The temporary injunction, by then determined to be abusive, proved a financial disaster for the farm industry and many individual farmers who had suspended planting alfalfa pending a final resolution. The almost identical disaster scenario has played out over sugar beets. 95% of which is from GE seeds. In 2010, the Center for Food Safety and some organic farmers who stood to gain by attacking conventional and GM crops convinced a court on procedural grounds—there was no finding of environmental or health dangers—to void the five-year-old approval of transgenic sugar beet seeds. Despite no evidence of any potential harm, that November, a federal judge ordered the GE sugar beet seedlings—all but 5% of the nation’s crop— pulled from the ground, as required by law. If that decision had stood, it could have destroyed as much as half of America’s granulated sugar production on purely technical grounds. The saga only ended in July of last year when the USDA ruled once and for all to allow unrestricted planting of GMO sugar beets.

It was a victory for science, but the professional “antis” considered it a victory as well. After all, they had caused billions of dollars in unrecoverable damage to the American farm economy and rattled the cages at the corporations they considered “evil”. That’s certainly something to crow about.

The rider was specifically designed to prevent such egregious abuse of the court system and regulatory process. The legislation does not, as critics allege, allow farmers or seed companies to sell seeds proven to be harmful. Rather, it provides legal consistency so farmers and businesses do not get yanked one way or the other based on the temporary findings of competing court systems as activist challenges make their way up the legal food chain. Going forward, the provision will protect farmers who buy GM seeds and plant them under the belief that it is legal to do because the seeds have been subjected to extensive USDA scrutiny and approval.

The so-called Monsanto Protection Act has nothing to do with consumer safety or limiting biotech’s liability for making “dangerous” products limited liability, as even quasi-mainstream news outlets, like Salon, have claimed. That’s just ignorant reporting. In the two cases heralded by campaigners—alflafa and sugar beets—only technical legal concerns were raised; consumer safety and the environment was never the issue.

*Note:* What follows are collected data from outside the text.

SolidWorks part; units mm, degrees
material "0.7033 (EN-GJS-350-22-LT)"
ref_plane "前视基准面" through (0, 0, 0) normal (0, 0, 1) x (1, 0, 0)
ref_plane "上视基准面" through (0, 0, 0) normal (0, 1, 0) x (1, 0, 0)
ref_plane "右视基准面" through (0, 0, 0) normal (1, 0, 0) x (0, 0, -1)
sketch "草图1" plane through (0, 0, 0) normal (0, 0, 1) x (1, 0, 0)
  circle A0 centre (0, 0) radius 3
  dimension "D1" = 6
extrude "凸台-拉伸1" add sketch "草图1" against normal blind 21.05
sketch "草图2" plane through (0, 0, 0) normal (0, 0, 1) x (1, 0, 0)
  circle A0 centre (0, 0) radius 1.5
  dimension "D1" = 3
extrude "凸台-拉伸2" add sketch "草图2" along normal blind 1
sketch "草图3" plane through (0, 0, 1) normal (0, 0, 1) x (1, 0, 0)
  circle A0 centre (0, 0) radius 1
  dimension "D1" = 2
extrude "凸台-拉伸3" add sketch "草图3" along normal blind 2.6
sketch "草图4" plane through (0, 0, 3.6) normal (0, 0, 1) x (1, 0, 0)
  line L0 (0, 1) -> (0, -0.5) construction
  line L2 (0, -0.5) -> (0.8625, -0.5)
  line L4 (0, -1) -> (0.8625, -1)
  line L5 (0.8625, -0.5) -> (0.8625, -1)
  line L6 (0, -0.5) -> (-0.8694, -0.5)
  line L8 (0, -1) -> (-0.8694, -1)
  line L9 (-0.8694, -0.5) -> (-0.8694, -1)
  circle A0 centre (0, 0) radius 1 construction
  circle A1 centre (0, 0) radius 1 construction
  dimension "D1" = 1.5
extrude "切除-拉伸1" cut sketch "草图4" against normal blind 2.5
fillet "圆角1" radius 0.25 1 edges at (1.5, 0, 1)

No product is exempt from the law when health or environmental problems are identified. If the USDA or a court determines that a biotech seed or crop or food does not pass environmental or health muster, it will be pulled from the market and banned. But until that happens, because of this provision—let’s call it the Food and Farmer Safety and Health Protection Act—USDA safety determinations cannot be arbitrarily overturned by rogue courts responding to anti-science activists—what appears to have happened in the alfalfa case, until the Supreme’s intervened with its overwhelming 7-1 decision.

The howling over the so-called Monsanto provision is all show and little substance. It’s goal was to protect farmers against rogue anti-technology campaigners. Congress and the Obama Administration knew exactly what they were doing–and they did the right thing. Anti-GMO campaigners are clearly positioning themselves for another offensive against a new wave of GM crops and foods, with new pesticide tolerant grain varieties and a host of nutritionally enhanced grains, such as Golden Rice and drought resistant wheat, in their crosshairs. Yes, we should all be concerned.